# First timer here...Embarrassed my wife in front of her family.



## ExcelonGT (Jun 8, 2012)

I never thought I would "air my laundry" on a forum like this, but I really could use some advise because my wife is PISSED at me. 

Been married exactly 1 year (we are both 29, dated for years before marrying). We celebrated our 1 year Anniv with a Caribbean vacation last week (which was fantastic!). The day after we got back from vaca, we had a wedding to go to. The wedding was for family on my wife's side and all her family was there. We were staying at my in-laws for the weekend. Generally, my in-laws love me and we have a great relationship.

We were all having a great time at the wedding, but me and my wife's cousins (all 20, 30 somethings) were drinking especially hard. it was safe to say things were getting pretty sloppy towards the end of the night, especially me and my wife's cousin's Husband (guy my age also married into the family). 
I woke up the next morning in my in-laws house. I had blacked out and couldn't remember anything after dessert. My wife asked me if I remembered last night. I told her honestly that i couldn't remember anything after dessert. she proceeds to tell me that on the car ride home with her family, i was saying things about how I "hate being married to her" and how "my life is miserable" and how "being married to her is like being in hell"

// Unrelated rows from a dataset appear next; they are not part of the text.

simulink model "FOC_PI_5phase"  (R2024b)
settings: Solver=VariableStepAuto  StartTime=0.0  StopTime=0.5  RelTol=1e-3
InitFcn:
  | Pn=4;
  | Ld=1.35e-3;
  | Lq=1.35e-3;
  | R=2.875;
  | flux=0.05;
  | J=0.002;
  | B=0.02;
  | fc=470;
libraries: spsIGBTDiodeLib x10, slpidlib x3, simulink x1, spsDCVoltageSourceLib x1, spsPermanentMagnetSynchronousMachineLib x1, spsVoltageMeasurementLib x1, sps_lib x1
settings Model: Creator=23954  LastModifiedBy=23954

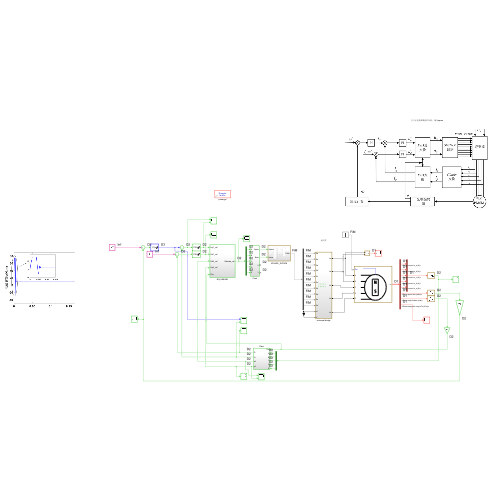
[thumbnail: Simulink's stored preview of the top-level diagram]
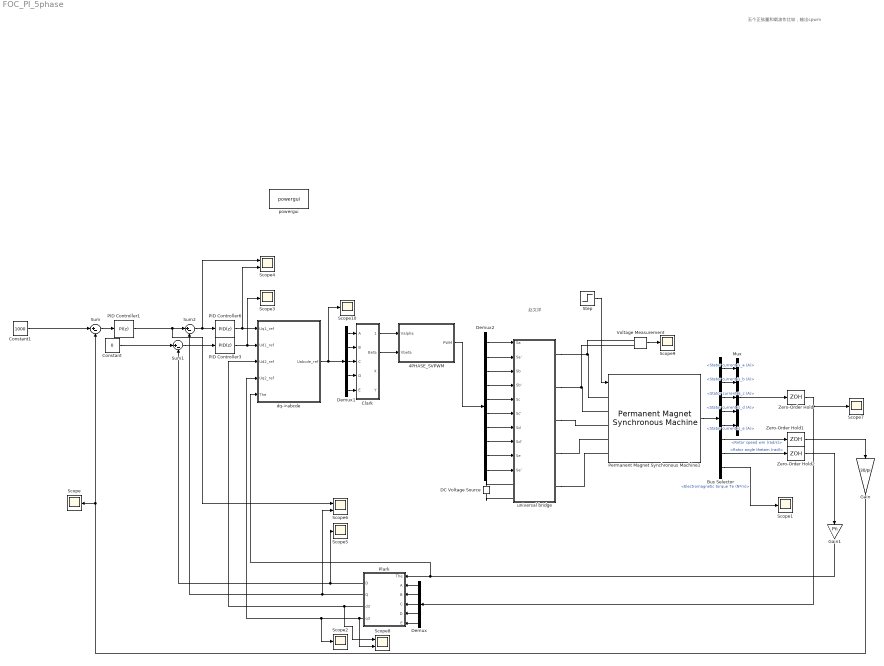
== system FOC_PI_5phase ==
  note: 赵文祥
  note: 五个正弦量和载波作比较，输出spwm
  4PHASE_SVPWM : Subsystem
  Bus Selector : BusSelector  OutputSignals=Stator current is_a (A),Stator current is_b (A),Stator current is_c (A),Stator current is_d (A),Stator current is_e (A),Rotor speed wm (rad/s),Rotor angle thetam (rad),Electromagnetic torque Te (N*m)
  Clark : Subsystem
  Constant : Constant  Value=0
  Constant1 : Constant  Value=1000
  DC Voltage Source : spsDCVoltageSourceLib/DC Voltage Source  Amplitude=311  Measurements=None
  Demux : Demux  Outputs=5
  Demux1 : Demux  Outputs=5
  Demux2 : Demux  Outputs=10
  Gain : Gain  Gain=30/pi
  Gain1 : Gain  Gain=Pn
  Mux : Mux  Inputs=5
  PID Controller1 : slpidlib/PID Controller  Controller=PI  Form=Parallel  TimeDomain=Discrete-time  UseExternalTs=off  SampleTime=1e-3  IntegratorMethod=Forward Euler  FilterMethod=Forward Euler  ControllerParametersSource=internal  P=5*J/1.5/Pn/flux  I=10*10*J/1.5/Pn/flux  UseKiTs=off  D=0  UseExternalDerivativeSource=off  N=100  UseFilter=on  TunerSelectOption=Transfer Function Based (PID Tuner App)  InitialConditionSource=internal  InitialConditionForIntegrator=0  InitialConditionForFilter=0  DifferentiatorICPrevScaledInput=0  ExternalReset=none  TrackingMode=off  Kt=1  LimitOutput=on  SatLimitsSource=internal  UpperSaturationLimit=150  LowerSaturationLimit=-150  LinearizeAsGain=on  AntiWindupMode=none  Kb=1  LimitIntegrator=off  UpperIntegratorSaturationLimit=inf  LowerIntegratorSaturationLimit=-inf  POutMin=[]  POutMax=[]  IOutMin=[]  IOutMax=[]  DOutMin=[]  DOutMax=[]  NOutMin=[]  NOutMax=[]  SumOutMin=[]  SumOutMax=[]  SaturationOutMin=[]  SaturationOutMax=[]  PParamMin=[]  PParamMax=[]  IParamMin=[]  IParamMax=[]  DParamMin=[]  DParamMax=[]  NParamMin=[]  NParamMax=[]  KbParamMin=[]  KbParamMax=[]  KtParamMin=[]  KtParamMax=[]  KbOutMin=[]  KbOutMax=[]  KtOutMin=[]  KtOutMax=[]  IntegratorOutMin=[]  IntegratorOutMax=[]  FilterOutMin=[]  FilterOutMax=[]  SumI1OutMin=[]  SumI1OutMax=[]  SumI2OutMin=[]  SumI2OutMax=[]  SumI3OutMin=[]  SumI3OutMax=[]  SumI4OutMin=[]  SumI4OutMax=[]  SumDOutMin=[]  SumDOutMax=[]  DifferentiatorOutMin=[]  DifferentiatorOutMax=[]  FilterDiffOutCoefMin=[]  FilterDiffOutCoefMax=[]  ReciprocalOutMin=[]  ReciprocalOutMax=[]  SumDenOutMin=[]  SumDenOutMax=[]  SumNumOutMin=[]  SumNumOutMax=[]  DivideOutMin=[]  DivideOutMax=[]  UdiffTsProdOutMin=[]  UdiffTsProdOutMax=[]  NTsProdOutMin=[]  NTsProdOutMax=[]  UintegralTsProdOutMin=[]  UintegralTsProdOutMax=[]  UngainTsProdOutMin=[]  UngainTsProdOutMax=[]  ClampingZeroOutDataTypeStr=Inherit: Inherit via back propagation  ClampingZeroOutMin=[]  ClampingZeroOutMax=[]  FilterDenConstantOutDataTypeStr=Inherit: Inherit via back propagation  FilterDenConstantOutMin=[]  FilterDenConstantOutMax=[]  PCopyOutDataTypeStr=Inherit: Inherit via back propagation  PCopyOutMin=[]  PCopyOutMax=[]  NCopyOutDataTypeStr=Inherit: Inherit via back propagation  NCopyOutMin=[]  NCopyOutMax=[]  IntegratorContinuousStateAttributes=''  IntegratorStateMustResolveToSignalObject=off  IntegratorRTWStateStorageClass=Auto  FilterContinuousStateAttributes=''  FilterStateMustResolveToSignalObject=off  FilterRTWStateStorageClass=Auto  ParallelPVariant=InternalParameters  IdealPVariant=Disabled  IVariant=InternalParameters  DVariant=Disabled  IntegratorVariant=Discrete  SatVariant=Enabled  AWVariant=Passthrough  PCopyVariant=Disabled  TRVariant=Disabled  FdbkBlocksVariant=Forward  IdealPFdbkVariant=Disabled  SatFdbkVariant=Disabled  DerivativeFilterVariant=Disabled  NVariant=Disabled  NCopyVariant=Disabled_SignalSpec  FilterICVariant=Disabled  IntegratorICVariant=InternalICs  ExternalResetVariant=Disabled  TRSumVariant=Passthrough  SumFdbkVariant=Disabled  SumVariant=Sum_PI  TsampFilterVariant=InternalTs  TsampNgainVariant=Passthrough  TsampIntegralVariant=Disabled_SignalSpec  ExternalSaturationOutDataTypeStr=Inherit: Same as second input  DerivativeSourceVariant=Disabled  PreIntVariant=InternalPreInt
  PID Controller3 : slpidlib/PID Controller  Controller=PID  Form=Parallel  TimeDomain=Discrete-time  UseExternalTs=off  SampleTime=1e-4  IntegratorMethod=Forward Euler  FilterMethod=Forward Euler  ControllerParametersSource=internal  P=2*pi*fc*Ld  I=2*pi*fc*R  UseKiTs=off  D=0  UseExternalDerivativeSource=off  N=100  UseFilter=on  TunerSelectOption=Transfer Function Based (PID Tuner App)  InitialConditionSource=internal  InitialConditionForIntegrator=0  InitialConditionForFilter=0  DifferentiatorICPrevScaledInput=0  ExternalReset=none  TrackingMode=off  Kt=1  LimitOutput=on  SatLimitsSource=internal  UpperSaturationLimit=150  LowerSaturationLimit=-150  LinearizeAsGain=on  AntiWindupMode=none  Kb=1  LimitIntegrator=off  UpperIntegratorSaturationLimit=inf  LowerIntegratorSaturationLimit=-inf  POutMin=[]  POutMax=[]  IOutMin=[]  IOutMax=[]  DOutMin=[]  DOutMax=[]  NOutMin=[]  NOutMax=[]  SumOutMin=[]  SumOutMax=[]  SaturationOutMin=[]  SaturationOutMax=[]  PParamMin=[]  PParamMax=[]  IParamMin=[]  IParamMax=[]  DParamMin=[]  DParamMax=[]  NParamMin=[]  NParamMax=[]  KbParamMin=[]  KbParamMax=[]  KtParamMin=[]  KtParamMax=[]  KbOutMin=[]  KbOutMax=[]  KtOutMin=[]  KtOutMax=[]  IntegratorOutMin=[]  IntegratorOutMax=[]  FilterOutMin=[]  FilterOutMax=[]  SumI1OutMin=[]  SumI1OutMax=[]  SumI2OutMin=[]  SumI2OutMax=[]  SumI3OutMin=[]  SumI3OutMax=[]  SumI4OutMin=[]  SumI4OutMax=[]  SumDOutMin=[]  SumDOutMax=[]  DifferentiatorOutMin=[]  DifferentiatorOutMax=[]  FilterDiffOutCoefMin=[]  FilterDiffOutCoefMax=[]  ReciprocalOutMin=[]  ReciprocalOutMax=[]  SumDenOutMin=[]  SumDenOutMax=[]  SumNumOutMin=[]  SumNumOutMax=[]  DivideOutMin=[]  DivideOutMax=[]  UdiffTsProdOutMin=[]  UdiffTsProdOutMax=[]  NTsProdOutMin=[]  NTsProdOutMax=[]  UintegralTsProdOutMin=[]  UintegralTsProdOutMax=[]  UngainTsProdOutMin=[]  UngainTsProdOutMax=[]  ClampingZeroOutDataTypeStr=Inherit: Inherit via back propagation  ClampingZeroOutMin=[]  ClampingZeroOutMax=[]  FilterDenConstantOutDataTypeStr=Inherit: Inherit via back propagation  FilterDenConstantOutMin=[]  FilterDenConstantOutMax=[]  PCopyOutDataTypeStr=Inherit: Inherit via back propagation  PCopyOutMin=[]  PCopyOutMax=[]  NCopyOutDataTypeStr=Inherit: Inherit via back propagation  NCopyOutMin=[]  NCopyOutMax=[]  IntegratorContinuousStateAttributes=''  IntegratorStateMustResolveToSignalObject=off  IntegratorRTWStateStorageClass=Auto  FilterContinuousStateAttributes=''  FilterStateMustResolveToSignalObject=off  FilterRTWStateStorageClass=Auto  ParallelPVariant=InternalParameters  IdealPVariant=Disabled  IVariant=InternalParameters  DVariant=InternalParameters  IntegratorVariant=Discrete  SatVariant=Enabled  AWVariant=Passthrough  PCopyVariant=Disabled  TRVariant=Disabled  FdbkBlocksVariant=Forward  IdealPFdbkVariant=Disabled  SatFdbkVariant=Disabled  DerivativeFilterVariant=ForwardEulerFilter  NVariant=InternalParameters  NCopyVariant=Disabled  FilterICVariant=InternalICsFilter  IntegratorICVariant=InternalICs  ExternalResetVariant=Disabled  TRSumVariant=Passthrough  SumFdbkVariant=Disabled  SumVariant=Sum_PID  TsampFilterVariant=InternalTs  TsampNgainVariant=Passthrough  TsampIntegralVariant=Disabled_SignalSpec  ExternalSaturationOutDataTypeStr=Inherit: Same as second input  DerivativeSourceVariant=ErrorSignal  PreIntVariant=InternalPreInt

I was shocked to hear this, and couldn't believe it because i have NO IDEA where this would come from. I thought I was very happily married, with a good job, and good life. I don't have drinking problems, and have a great social circle. I do have history of sometimes getting "angry drunk" (only a few times in my life) but I've never done anything to offend my wife like this. 
We spent the entire next day at my In-laws and they were acting completely normal, everything ****** dory. 

A week has gone by, and today my wife send me a long text saying how upset she is about this, especially because i embarrassed her in front of her family (who she is really close to), and that I never gave her a real apology. and how she feels like i take her for granted and she thinks i really am unhappy with her.

I really don't know how to react to this. I'm definitely not unhappy in my marriage. i wouldn't say my marriage is 100% perfect. I mean my only wishes are probably the same as every normal husband (wishes for more sex, and that their wives spend less $). 

My birthday is tomorrow and my wife is planning an awesome BBQ at the house with all my friends. I had already told her how much i appreciate her doing all this. 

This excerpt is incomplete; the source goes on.